Of course you're not the only one in the world with a puppy that isn't toilet trained at 13 weeks - very few are.

Some of mine were still not reliable at 12 months...!!

My last pup is now about 14 months old. She was a rescue collie who was about 11-12 weeks old when I got her. She went through a spell of going in her crate to wee because she obviously thought that's where she should do it.

These things take time and patience.

If your puppy is quiet in his crate through the night at least you are having some success.

Things will improve, honestly. It's very early days yet.


----------



## Sled dog hotel

Did you immediately close the door when you first put him in the crate? If you did that may have started the problem, if a pups never seen or been in a crate then some can freak out if they are just put in and the doors closed. If they become anxious about being enclosed in there, then it doesnt matter what you put in there with him, a stressed anxious dog wont usually eat or take treats.

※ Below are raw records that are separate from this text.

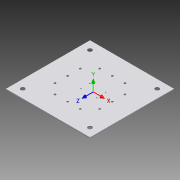
# Autodesk Inventor part: BottomBasePlate
Saved by Autodesk Inventor 2015 (Build 190159000, 159)
## iProperties
Created: 2014-05-24
Part Number: BottomBasePlate
Material: Aluminum 6061
Document SubType Name: Sheet Metal
Designer: seaha_000
Density: 2.7 g/cm^3
Sheet Metal Rule: 1/8in Aluminium
Appearance: Aluminum - Flat
Mass: 545.102 g
Surface Area: 1318.13 cm^2
Volume: 201.889 cm^3
Author: seaha_000
Autodesk Inventor part; units mm, degrees
ref_plane "YZ Plane" through (0, 0, 0) normal (1, 0, 0) x (0, 1, 0)
ref_plane "XZ Plane" through (0, 0, 0) normal (0, 1, 0) x (-1, 0, 0)
ref_plane "XY Plane" through (0, 0, 0) normal (0, 0, 1) x (1, 0, 0)
sketch "Sketch1" plane through (0, 0, 0) normal (0, 1, 0) x (-1, 0, 0)
  line L0 (-2.2451, 151.7551) -> (-2.2451, 2.2451)
  line L1 (16.8049, 21.2951) -> (-2.2451, 2.2451)
  line L2 (16.8049, 132.7051) -> (16.8049, 21.2951)
  line L3 (-2.2451, 151.7551) -> (16.8049, 132.7051)
  line L4 (0, 0) -> (149.5101, 0)
  line L5 (130.4601, 19.05) -> (149.5101, 0)
  line L6 (19.05, 19.05) -> (130.4601, 19.05)
  line L7 (0, 0) -> (19.05, 19.05)
  line L8 (151.7551, 2.2451) -> (151.7551, 151.7551)
  line L9 (132.7051, 132.7051) -> (151.7551, 151.7551)
  line L10 (132.7051, 21.2951) -> (132.7051, 132.7051)
  line L11 (151.7551, 2.2451) -> (132.7051, 21.2951)
  line L12 (149.5101, 154.0002) -> (0, 154.0002)
  line L13 (19.05, 134.9502) -> (0, 154.0002)
  line L14 (130.4601, 134.9502) -> (19.05, 134.9502)
  line L15 (149.5101, 154.0002) -> (130.4601, 134.9502)
  line L16 (9.525, 144.4752) -> (139.9851, 144.4752) construction
  line L17 (149.5101, 154.0002) -> (130.4601, 134.9502) construction
  line L18 (151.7551, 151.7551) -> (132.7051, 132.7051) construction
  line L19 (142.2301, 142.2301) -> (142.2301, 11.7701) construction
  line L20 (130.4601, 19.05) -> (149.5101, 0) construction
  line L21 (139.9851, 9.525) -> (9.525, 9.525) construction
  line L22 (0, 0) -> (19.05, 19.05) construction
  line L23 (-2.2451, 2.2451) -> (16.8049, 21.2951) construction
  line L24 (7.2799, 11.7701) -> (7.2799, 142.2301) construction
  circle A0 centre (142.2301, 77.0001) radius 3.175
  circle A1 centre (74.755, 9.525) radius 3.175
  circle A2 centre (7.2799, 77.0001) radius 3.175
  circle A3 centre (74.755, 144.4752) radius 3.175
  circle A4 centre (112.855, 144.4752) radius 3.175
  circle A5 centre (36.655, 144.4752) radius 3.175
  circle A6 centre (74.755, 144.4752) radius 3.175
  circle A7 centre (7.2799, 38.9001) radius 3.175
  circle A8 centre (7.2799, 115.1001) radius 3.175
  circle A9 centre (7.2799, 77.0001) radius 3.175
  circle A10 centre (142.2301, 115.1001) radius 3.175
  circle A11 centre (142.2301, 38.9001) radius 3.175
  circle A12 centre (142.2301, 77.0001) radius 3.175
  circle A13 centre (36.655, 9.525) radius 3.175
  circle A14 centre (112.855, 9.525) radius 3.175
  circle A15 centre (74.755, 9.525) radius 3.175
  circle A16 centre (74.755, 77.0001) radius 57.9501 construction
  line L25 (-52.245, 204.0001) -> (201.755, 204.0001)
  line L26 (201.755, 204.0001) -> (201.755, -49.9999)
  line L27 (201.755, -49.9999) -> (-52.245, -49.9999)
  line L28 (-52.245, -49.9999) -> (-52.245, 204.0001)
  line L29 (-52.245, 204.0001) -> (201.755, -49.9999) construction
  line L30 (201.755, 204.0001) -> (-52.245, -49.9999) construction
  point P0 (151.7551, 0)
  dimension "d16" = 19.05
  dimension "d17" = 19.05
  dimension "d18" = 19.05
  dimension "d19" = 19.05
  dimension "d20" = 6.35
  dimension "d21" = 6.35
  dimension "d22" = 6.35
  dimension "d23" = 6.35
  dimension "d24" = 65.23
  dimension "d25" = 9.525
  dimension "d26" = 38.1
  dimension "d27" = 38.1
  dimension "d28" = 38.1
  dimension "d29" = 38.1
  dimension "d30" = 38.1
  dimension "d31" = 38.1
  dimension "d32" = 38.1
  dimension "d33" = 38.1
  dimension "d34" = 90
  dimension "d35" = 45
  dimension "d36" = 90
  dimension "d37" = 90
  dimension "d38" = 90
  dimension "d39" = 3.175
  dimension "d40" = 19.05
  dimension "d41" = 19.05
  dimension "d42" = 134.9502
  dimension "d43" = 154.0002
  dimension "d44" = 288.9504
  dimension "d45" = 154.0002
  dimension "d46" = 6.35
  dimension "d47" = 0
  dimension "d48" = 108.8946
  dimension "d49" = 151.7551
  dimension "d50" = 154.0002
  dimension "d51" = 6.35
  dimension "d52" = 211.4392
  dimension "d53" = 108.8946
  dimension "d54" = 3.175
  dimension "d55" = 214.6142
  dimension "d56" = 1.5875
  dimension "d57" = 254
  dimension "d58" = 254
  measures "d16" diameter of L2 L24
  measures "d17" diameter of L6 L21
  measures "d18" diameter of L12 L16
  measures "d19" diameter of L8 L19
  measures "d20" diameter of A0
  measures "d21" diameter of A1
  measures "d22" diameter of A2
  measures "d23" diameter of A3
  measures "d24" distance of L16.start A3.centre
  measures "d25" distance from line of L12 A3.centre
  measures "d26" distance of A3.centre A4.centre
  measures "d27" distance of A3.centre A5.centre
  measures "d28" distance of A2.centre A7.centre
  measures "d29" distance of A2.centre A8.centre
  measures "d30" distance of A0.centre A10.centre
  measures "d31" distance of A0.centre A11.centre
  measures "d32" distance of A1.centre A13.centre
  measures "d33" distance of A1.centre A14.centre
  measures "d34" angle of L18 L11
  measures "d35" angle of L18 L8
  measures "d36" angle of L18 L20
  measures "d37" angle of L18 L13
  measures "d38" angle of L11 L17
  measures "d39" distance between parallel lines of L11 L3
  measures "d40" diameter of L8 L19
  measures "d41" distance between parallel lines of L10 L8
  measures "d42" distance between parallel lines of L2 L8
  measures "d43" distance between parallel lines of L0 L8
  measures "d44" diameter of L12 L21
  measures "d45" distance between parallel lines of L4 L12
  measures "d46" diameter of L1 L22
  measures "d47" distance from line of point (0, 0) L18
  measures "d48" distance from line of point (0, 0) L11
  measures "d49" distance from line of point (0, 0) L8
  measures "d50" distance from line of point (0, 0) L12
  measures "d51" diameter of point (0, 0) L17
  measures "d52" diameter of point (0, 0) L20
  measures "d53" distance from line of point (0, 0) L13
  measures "d54" distance from line of point (0, 0) L1
  measures "d55" diameter of point (151.755, 0) L18
  measures "d56" distance from line of point (151.755, 0) L11
  measures "d57" distance of L25.end L26.end
  measures "d58" distance of L25.start L25.end
extrude "Plate1" add sketch "Sketch1" along normal blind 3.175 contours L3 L2 L1 L0 | L7 L6 L5 L4 | L11 L10 L9 L8 | L15 L14 L13 L12 | L25 L26 L27 L28
sketch "Sketch2" plane through (0, 3.175, 0) normal (0, 1, 0) x (1, 0, 0)
  line L0 (-201.755, 49.9999) -> (52.245, 49.9999) projected
  line L1 (-201.755, -204.0001) -> (-201.755, 49.9999) projected
  line L2 (52.245, -204.0001) -> (-201.755, -204.0001) projected
  line L3 (52.245, 49.9999) -> (52.245, -204.0001) projected
  line L4 (26.845, 24.5999) -> (-176.355, 24.5999)
  line L5 (-176.355, 24.5999) -> (-176.355, -178.6001)
  line L6 (-176.355, -178.6001) -> (26.845, -178.6001)
  line L7 (26.845, -178.6001) -> (26.845, 24.5999)
  circle A0 centre (-176.355, 24.5999) radius 6.35
  circle A1 centre (26.845, 24.5999) radius 6.35
  circle A2 centre (-176.355, -178.6001) radius 6.35
  circle A3 centre (26.845, -178.6001) radius 6.35
  point P0 (0, 0)
  dimension "d60" = 203.2
  dimension "d61" = 12.7
  dimension "d62" = 12.7
  dimension "d63" = 12.7
  dimension "d64" = 12.7
  constraints: 8 end point, 4 centre point, 4 coincident, 3 other
  measures "d60" distance of L4.start L4.end
  measures "d61" diameter of A0
  measures "d62" diameter of A1
  measures "d63" diameter of A2
  measures "d64" diameter of A3
extrude "Cut1" cut sketch "Sketch2" against normal blind 3.175 contours A0 L5 L4 | L4 L5 A0 | A1 L7 L4 | L4 L7 A1 | A2 L6 L5 | L5 L6 A2 | A3 L6 L7 | L7 L6 A3
sketch "Sketch7" plane through (-64.7482, 0, 77.0128) normal (0, 1, 0) x (0, 0, 1)
  line L0 (15.2484, -23.8801) -> (15.2484, -22.1021)
  arc A0 (11.6924, -23.8801) -> (15.2484, -23.8801) centre (13.4704, -23.8801) ccw
  line L1 (11.6924, -22.1021) -> (11.6924, -23.8801)
  arc A1 (15.2484, -22.1021) -> (11.6924, -22.1021) centre (13.4704, -22.1021) ccw
  line L2 (11.6924, 23.8801) -> (11.6924, 22.1021)
  arc A2 (15.2484, 23.8801) -> (11.6924, 23.8801) centre (13.4704, 23.8801) ccw
  line L3 (15.2484, 22.1021) -> (15.2484, 23.8801)
  arc A3 (11.6924, 22.1021) -> (15.2484, 22.1021) centre (13.4704, 22.1021) ccw
  line L4 (11.6924, 15.9807) -> (11.6924, 14.2027)
  arc A4 (15.2484, 15.9807) -> (11.6924, 15.9807) centre (13.4704, 15.9807) ccw
  line L5 (15.2484, 14.2027) -> (15.2484, 15.9807)
  arc A5 (11.6924, 14.2027) -> (15.2484, 14.2027) centre (13.4704, 14.2027) ccw
  line L6 (15.2484, 3.0607) -> (15.2484, 4.8387)
  arc A6 (11.6924, 3.0607) -> (15.2484, 3.0607) centre (13.4704, 3.0607) ccw
  line L7 (11.6924, 4.8387) -> (11.6924, 3.0607)
  arc A7 (15.2484, 4.8387) -> (11.6924, 4.8387) centre (13.4704, 4.8387) ccw
  line L8 (15.2484, -4.8387) -> (15.2484, -3.0607)
  arc A8 (11.6924, -4.8387) -> (15.2484, -4.8387) centre (13.4704, -4.8387) ccw
  line L9 (11.6924, -3.0607) -> (11.6924, -4.8387)
  arc A9 (15.2484, -3.0607) -> (11.6924, -3.0607) centre (13.4704, -3.0607) ccw
  line L10 (15.2484, -15.9807) -> (15.2484, -14.2027)
  arc A10 (11.6924, -15.9807) -> (15.2484, -15.9807) centre (13.4704, -15.9807) ccw
  line L11 (11.6924, -14.2027) -> (11.6924, -15.9807)
  arc A11 (15.2484, -14.2027) -> (11.6924, -14.2027) centre (13.4704, -14.2027) ccw
  line L12 (-15.2484, 23.8801) -> (-15.2484, 22.1021)
  arc A12 (-11.6924, 23.8801) -> (-15.2484, 23.8801) centre (-13.4704, 23.8801) ccw
  line L13 (-11.6924, 22.1021) -> (-11.6924, 23.8801)
  arc A13 (-15.2484, 22.1021) -> (-11.6924, 22.1021) centre (-13.4704, 22.1021) ccw
  line L14 (-15.2484, 15.9807) -> (-15.2484, 14.2027)
  arc A14 (-11.6924, 15.9807) -> (-15.2484, 15.9807) centre (-13.4704, 15.9807) ccw
  line L15 (-11.6924, 14.2027) -> (-11.6924, 15.9807)
  arc A15 (-15.2484, 14.2027) -> (-11.6924, 14.2027) centre (-13.4704, 14.2027) ccw
  line L16 (-11.6924, 3.0607) -> (-11.6924, 4.8387)
  arc A16 (-15.2484, 3.0607) -> (-11.6924, 3.0607) centre (-13.4704, 3.0607) ccw
  line L17 (-15.2484, 4.8387) -> (-15.2484, 3.0607)
  arc A17 (-11.6924, 4.8387) -> (-15.2484, 4.8387) centre (-13.4704, 4.8387) ccw
  line L18 (-11.6924, -4.8387) -> (-11.6924, -3.0607)
  arc A18 (-15.2484, -4.8387) -> (-11.6924, -4.8387) centre (-13.4704, -4.8387) ccw
  line L19 (-15.2484, -3.0607) -> (-15.2484, -4.8387)
  arc A19 (-11.6924, -3.0607) -> (-15.2484, -3.0607) centre (-13.4704, -3.0607) ccw
  line L20 (-11.6924, -15.9807) -> (-11.6924, -14.2027)
  arc A20 (-15.2484, -15.9807) -> (-11.6924, -15.9807) centre (-13.4704, -15.9807) ccw
  line L21 (-15.2484, -14.2027) -> (-15.2484, -15.9807)
  arc A21 (-11.6924, -14.2027) -> (-15.2484, -14.2027) centre (-13.4704, -14.2027) ccw
  line L22 (-11.6924, -23.8801) -> (-11.6924, -22.1021)
  arc A22 (-15.2484, -23.8801) -> (-11.6924, -23.8801) centre (-13.4704, -23.8801) ccw
  line L23 (-15.2484, -22.1021) -> (-15.2484, -23.8801)
  arc A23 (-11.6924, -22.1021) -> (-15.2484, -22.1021) centre (-13.4704, -22.1021) ccw
  arc A24 (6.3525, -24) -> (3.6475, -24) centre (5, -24) ccw
  arc A25 (3.6475, -24) -> (6.3525, -24) centre (5, -24) ccw
  arc A26 (6.3525, 24) -> (3.6475, 24) centre (5, 24) ccw
  arc A27 (3.6475, 24) -> (6.3525, 24) centre (5, 24) ccw
  line L24 (-10.16, 20.828) -> (-10.16, -20.828)
  arc A28 (-6.096, 20.828) -> (-10.16, 20.828) centre (-8.128, 20.828) ccw
  line L25 (-2.3813, 20.828) -> (-6.096, 20.828)
  line L26 (-2.3813, 25.908) -> (-2.3813, 20.828)
  arc A29 (2.3812, 25.908) -> (-2.3813, 25.908) centre (0, 25.908) ccw
  line L27 (2.3812, 20.828) -> (2.3812, 25.908)
  line L28 (6.096, 20.828) -> (2.3812, 20.828)
  arc A30 (10.16, 20.828) -> (6.096, 20.828) centre (8.128, 20.828) ccw
  line L29 (10.16, -20.828) -> (10.16, 20.828)
  arc A31 (6.096, -20.828) -> (10.16, -20.828) centre (8.128, -20.828) ccw
  line L30 (2.3813, -20.828) -> (6.096, -20.828)
  line L31 (2.3813, -25.908) -> (2.3813, -20.828)
  arc A32 (-2.3812, -25.908) -> (2.3813, -25.908) centre (0, -25.908) ccw
  line L32 (-2.3813, -20.828) -> (-2.3812, -25.908)
  line L33 (-6.096, -20.828) -> (-2.3813, -20.828)
  arc A33 (-10.16, -20.828) -> (-6.096, -20.828) centre (-8.128, -20.828) ccw
  arc A34 (-4.572, -28.448) -> (4.572, -28.448) centre (0, -24.8232) ccw
  line L34 (4.572, -28.448) -> (13.462, -28.448)
  arc A35 (13.462, -28.448) -> (16.637, -25.273) centre (13.462, -25.273) ccw
  line L35 (16.637, -25.273) -> (16.637, 25.273)
  arc A36 (16.637, 25.273) -> (13.462, 28.448) centre (13.462, 25.273) ccw
  line L36 (13.462, 28.448) -> (4.572, 28.448)
  arc A37 (4.572, 28.448) -> (-4.572, 28.448) centre (0, 24.8232) ccw
  line L37 (-4.572, 28.448) -> (-13.462, 28.448)
  arc A38 (-13.462, 28.448) -> (-16.637, 25.273) centre (-13.462, 25.273) ccw
  line L38 (-16.637, 25.273) -> (-16.637, -25.273)
  arc A39 (-16.637, -25.273) -> (-13.462, -28.448) centre (-13.462, -25.273) ccw
  line L39 (-13.462, -28.448) -> (-4.572, -28.448)
  arc A40 (-3.6475, 24) -> (-6.3525, 24) centre (-5, 24) ccw
  arc A41 (-6.3525, 24) -> (-3.6475, 24) centre (-5, 24) ccw
  arc A42 (-3.6475, -24) -> (-6.3525, -24) centre (-5, -24) ccw
  arc A43 (-6.3525, -24) -> (-3.6475, -24) centre (-5, -24) ccw
  line L40 (15.2484, -23.8801) -> (15.2484, -22.1021)
  arc A44 (11.6924, -23.8801) -> (15.2484, -23.8801) centre (13.4704, -23.8801) ccw
  line L41 (11.6924, -22.1021) -> (11.6924, -23.8801)
  arc A45 (15.2484, -22.1021) -> (11.6924, -22.1021) centre (13.4704, -22.1021) ccw
  line L42 (11.6924, 23.8801) -> (11.6924, 22.1021)
  arc A46 (15.2484, 23.8801) -> (11.6924, 23.8801) centre (13.4704, 23.8801) ccw
  line L43 (15.2484, 22.1021) -> (15.2484, 23.8801)
  arc A47 (11.6924, 22.1021) -> (15.2484, 22.1021) centre (13.4704, 22.1021) ccw
  line L44 (11.6924, 15.9807) -> (11.6924, 14.2027)
  arc A48 (15.2484, 15.9807) -> (11.6924, 15.9807) centre (13.4704, 15.9807) ccw
  line L45 (15.2484, 14.2027) -> (15.2484, 15.9807)
  arc A49 (11.6924, 14.2027) -> (15.2484, 14.2027) centre (13.4704, 14.2027) ccw
  line L46 (15.2484, 3.0607) -> (15.2484, 4.8387)
  arc A50 (11.6924, 3.0607) -> (15.2484, 3.0607) centre (13.4704, 3.0607) ccw
  line L47 (11.6924, 4.8387) -> (11.6924, 3.0607)
  arc A51 (15.2484, 4.8387) -> (11.6924, 4.8387) centre (13.4704, 4.8387) ccw
  line L48 (15.2484, -4.8387) -> (15.2484, -3.0607)
  arc A52 (11.6924, -4.8387) -> (15.2484, -4.8387) centre (13.4704, -4.8387) ccw
  line L49 (11.6924, -3.0607) -> (11.6924, -4.8387)
  arc A53 (15.2484, -3.0607) -> (11.6924, -3.0607) centre (13.4704, -3.0607) ccw
  line L50 (15.2484, -15.9807) -> (15.2484, -14.2027)
  arc A54 (11.6924, -15.9807) -> (15.2484, -15.9807) centre (13.4704, -15.9807) ccw
  line L51 (11.6924, -14.2027) -> (11.6924, -15.9807)
  arc A55 (15.2484, -14.2027) -> (11.6924, -14.2027) centre (13.4704, -14.2027) ccw
  line L52 (-15.2484, 23.8801) -> (-15.2484, 22.1021)
  arc A56 (-11.6924, 23.8801) -> (-15.2484, 23.8801) centre (-13.4704, 23.8801) ccw
  line L53 (-11.6924, 22.1021) -> (-11.6924, 23.8801)
  arc A57 (-15.2484, 22.1021) -> (-11.6924, 22.1021) centre (-13.4704, 22.1021) ccw
  line L54 (-15.2484, 15.9807) -> (-15.2484, 14.2027)
  arc A58 (-11.6924, 15.9807) -> (-15.2484, 15.9807) centre (-13.4704, 15.9807) ccw
  line L55 (-11.6924, 14.2027) -> (-11.6924, 15.9807)
  arc A59 (-15.2484, 14.2027) -> (-11.6924, 14.2027) centre (-13.4704, 14.2027) ccw
  line L56 (-11.6924, 3.0607) -> (-11.6924, 4.8387)
  arc A60 (-15.2484, 3.0607) -> (-11.6924, 3.0607) centre (-13.4704, 3.0607) ccw
  line L57 (-15.2484, 4.8387) -> (-15.2484, 3.0607)
  arc A61 (-11.6924, 4.8387) -> (-15.2484, 4.8387) centre (-13.4704, 4.8387) ccw
  line L58 (-11.6924, -4.8387) -> (-11.6924, -3.0607)
  arc A62 (-15.2484, -4.8387) -> (-11.6924, -4.8387) centre (-13.4704, -4.8387) ccw
  line L59 (-15.2484, -3.0607) -> (-15.2484, -4.8387)
  arc A63 (-11.6924, -3.0607) -> (-15.2484, -3.0607) centre (-13.4704, -3.0607) ccw
  line L60 (-11.6924, -15.9807) -> (-11.6924, -14.2027)
  arc A64 (-15.2484, -15.9807) -> (-11.6924, -15.9807) centre (-13.4704, -15.9807) ccw
  line L61 (-15.2484, -14.2027) -> (-15.2484, -15.9807)
  arc A65 (-11.6924, -14.2027) -> (-15.2484, -14.2027) centre (-13.4704, -14.2027) ccw
  line L62 (-11.6924, -23.8801) -> (-11.6924, -22.1021)
  arc A66 (-15.2484, -23.8801) -> (-11.6924, -23.8801) centre (-13.4704, -23.8801) ccw
  line L63 (-15.2484, -22.1021) -> (-15.2484, -23.8801)
  arc A67 (-11.6924, -22.1021) -> (-15.2484, -22.1021) centre (-13.4704, -22.1021) ccw
  arc A68 (6.3525, -24) -> (3.6475, -24) centre (5, -24) ccw
  arc A69 (3.6475, -24) -> (6.3525, -24) centre (5, -24) ccw
  arc A70 (6.3525, 24) -> (3.6475, 24) centre (5, 24) ccw
  arc A71 (3.6475, 24) -> (6.3525, 24) centre (5, 24) ccw
  line L64 (-10.16, 20.828) -> (-10.16, -20.828)
  arc A72 (-6.096, 20.828) -> (-10.16, 20.828) centre (-8.128, 20.828) ccw
  line L65 (-2.3813, 20.828) -> (-6.096, 20.828)
  line L66 (-2.3813, 25.908) -> (-2.3813, 20.828)
  arc A73 (2.3812, 25.908) -> (-2.3813, 25.908) centre (0, 25.908) ccw
  line L67 (2.3812, 20.828) -> (2.3812, 25.908)
  line L68 (6.096, 20.828) -> (2.3812, 20.828)
  arc A74 (10.16, 20.828) -> (6.096, 20.828) centre (8.128, 20.828) ccw
  line L69 (10.16, -20.828) -> (10.16, 20.828)
  arc A75 (6.096, -20.828) -> (10.16, -20.828) centre (8.128, -20.828) ccw
  line L70 (2.3813, -20.828) -> (6.096, -20.828)
  line L71 (2.3813, -25.908) -> (2.3813, -20.828)
  arc A76 (-2.3812, -25.908) -> (2.3813, -25.908) centre (0, -25.908) ccw
  line L72 (-2.3813, -20.828) -> (-2.3812, -25.908)
  line L73 (-6.096, -20.828) -> (-2.3813, -20.828)
  arc A77 (-10.16, -20.828) -> (-6.096, -20.828) centre (-8.128, -20.828) ccw
  arc A78 (-4.572, -28.448) -> (4.572, -28.448) centre (0, -24.8232) ccw
  line L74 (4.572, -28.448) -> (13.462, -28.448)
  arc A79 (13.462, -28.448) -> (16.637, -25.273) centre (13.462, -25.273) ccw
  line L75 (16.637, -25.273) -> (16.637, 25.273)
  arc A80 (16.637, 25.273) -> (13.462, 28.448) centre (13.462, 25.273) ccw
  line L76 (13.462, 28.448) -> (4.572, 28.448)
  arc A81 (4.572, 28.448) -> (-4.572, 28.448) centre (0, 24.8232) ccw
  line L77 (-4.572, 28.448) -> (-13.462, 28.448)
  arc A82 (-13.462, 28.448) -> (-16.637, 25.273) centre (-13.462, 25.273) ccw
  line L78 (-16.637, 25.273) -> (-16.637, -25.273)
  arc A83 (-16.637, -25.273) -> (-13.462, -28.448) centre (-13.462, -25.273) ccw
  line L79 (-13.462, -28.448) -> (-4.572, -28.448)
  arc A84 (-3.6475, 24) -> (-6.3525, 24) centre (-5, 24) ccw
  arc A85 (-6.3525, 24) -> (-3.6475, 24) centre (-5, 24) ccw
  arc A86 (-3.6475, -24) -> (-6.3525, -24) centre (-5, -24) ccw
  arc A87 (-6.3525, -24) -> (-3.6475, -24) centre (-5, -24) ccw
  circle A88 centre (13.4704, -23.8801) radius 1.778
  circle A89 centre (13.4704, 23.8801) radius 1.778
  circle A90 centre (13.4704, -4.8387) radius 1.778
  circle A91 centre (13.4704, 4.8387) radius 1.778
  circle A92 centre (-13.4704, -23.8801) radius 1.778
  circle A93 centre (-13.4704, 23.8801) radius 1.778
  circle A94 centre (-13.4704, -4.8387) radius 1.778
  circle A95 centre (-13.4704, 4.8387) radius 1.778
  point P0 (0, 0)
  point P1 (0, 0)
  constraints: 176 point on circle, 160 end point, 96 centre point, 8 coincident
hole "Hole1" [suppressed]
sketch "Sketch8" plane through (0, 3.175, 0) normal (0, 1, 0) x (1, 0, 0)
  circle A0 centre (-88.6376, -63.5246) radius 1.778
  circle A1 centre (-88.6376, -90.4654) radius 1.778
  circle A2 centre (-40.8775, -63.5246) radius 1.778
  circle A3 centre (-40.8775, -90.4654) radius 1.778
  point P0 (0, 0)
  point P1 (-88.6376, -63.5246)
  point P2 (-88.6376, -90.4654)
  point P3 (-40.8775, -63.5246)
  point P4 (-40.8775, -90.4654)
  constraints: 4 centre point, 12 other
hole "Hole2" at (-88.6376, 3.175, 63.5246) at (-88.6376, 3.175, 90.4654) at (-40.8775, 3.175, 63.5246) at (-40.8775, 3.175, 90.4654) direction (0, -1, 0) diameter 3.6576 end through all clearance for "Flat Head Machine Screw (82)" size "#6" standard "Ansi Unified Screw Threads"
sketch "Sketch9" plane through (0, 3.175, 0) normal (0, 1, 0) x (1, 0, 0)
  circle A0 centre (-88.6376, -63.5246) radius 1.8288 projected
  circle A1 centre (-40.8775, -63.5246) radius 1.8288 projected
  circle A2 centre (-40.8775, -90.4654) radius 1.8288 projected
  circle A3 centre (-88.6376, -90.4654) radius 1.8288 projected
  line L0 (-201.755, 49.9999) -> (52.245, 49.9999) projected
  line L1 (52.245, 49.9999) -> (52.245, -204.0001) projected
  line L2 (-201.755, -204.0001) -> (-201.755, 49.9999) projected
  line L3 (52.245, -204.0001) -> (-201.755, -204.0001) projected
  point P0 (0, 0)
  dimension "d90" = 93.1224
  dimension "d91" = 113.5245
  measures "d90" distance from line of L1 A1.centre
  measures "d91" distance from line of L0 A1.centre
equation "\"d16\" = d18"
equation "\"d17\" = d16"
equation "\"d19\" = d18"
equation "\"d20\" = d23"
equation "\"d21\" = d23"
equation "\"d22\" = d23"
equation "\"d62\" = d61"
equation "\"d63\" = d61"
equation "\"d64\" = d61"
equation "\"d65\" = Thickness"
equation "\"d81\" = Thickness"
equation "\"d88\" = Thickness"
equation "\"BendRadius\" = Thickness"
equation "\"BendReliefWidth\" = Thickness"
equation "\"BendReliefDepth\" = 0.5 * Thickness"
equation "\"CornerReliefSize\" = 4 * Thickness"
equation "\"MinimumRemnant\" = 2 * Thickness"
equation "\"TransitionRadius\" = BendRadius"
equation "\"JacobiRadiusSize\" = BendRadius"
equation "\"GapSize\" = Thickness"
equation "\"d59\" = BendRadius"
equation "\"Thickness\" = 3.175"
body "Solid1"

They need to get used to the crate and settle happilly in there before you close the door. Its usually just best to set it up door open and get him used to running in and out, by making it a game throwing treats and toys in there at random at first. When he is used to that, hide strong smelling treats in the corners and under the bed to encourage him to go in and investigate the crate still door open. After a good play session when he is tired and more likely to settle or a walk if he can go out yet. See then if you can get him to settle in their with the door open with a kong or a chew. Make it something special, the aim is to just get him settled in there. Putting an old tshirt or jumper you have worn so he has your smell for assurance can help. Pups often sleep touching in the litter and some like a large soft toy to cuddle up to for comfort. Adaptil dog appeasing pheromone diffusers can often help settle them too.
Adaptil helps dogs and puppys learn settle travel and in kennels
Its best if you have the crate initially where you are, sometimes they settle better at first. Once you can get him to settle in there with the door open after a while, just get up say nothing and push the door too, but at first you need to only leave it for a very short while, and open it before he gets stressed or anxious, just walk up and say nothing and open it again. You can then build up the time bit by bit as long as he is relaxed and not stressed, then you can finally bolt it. Feed his meals in there too, but door open at first.
You just need to break down the introduction and build up bit by bit.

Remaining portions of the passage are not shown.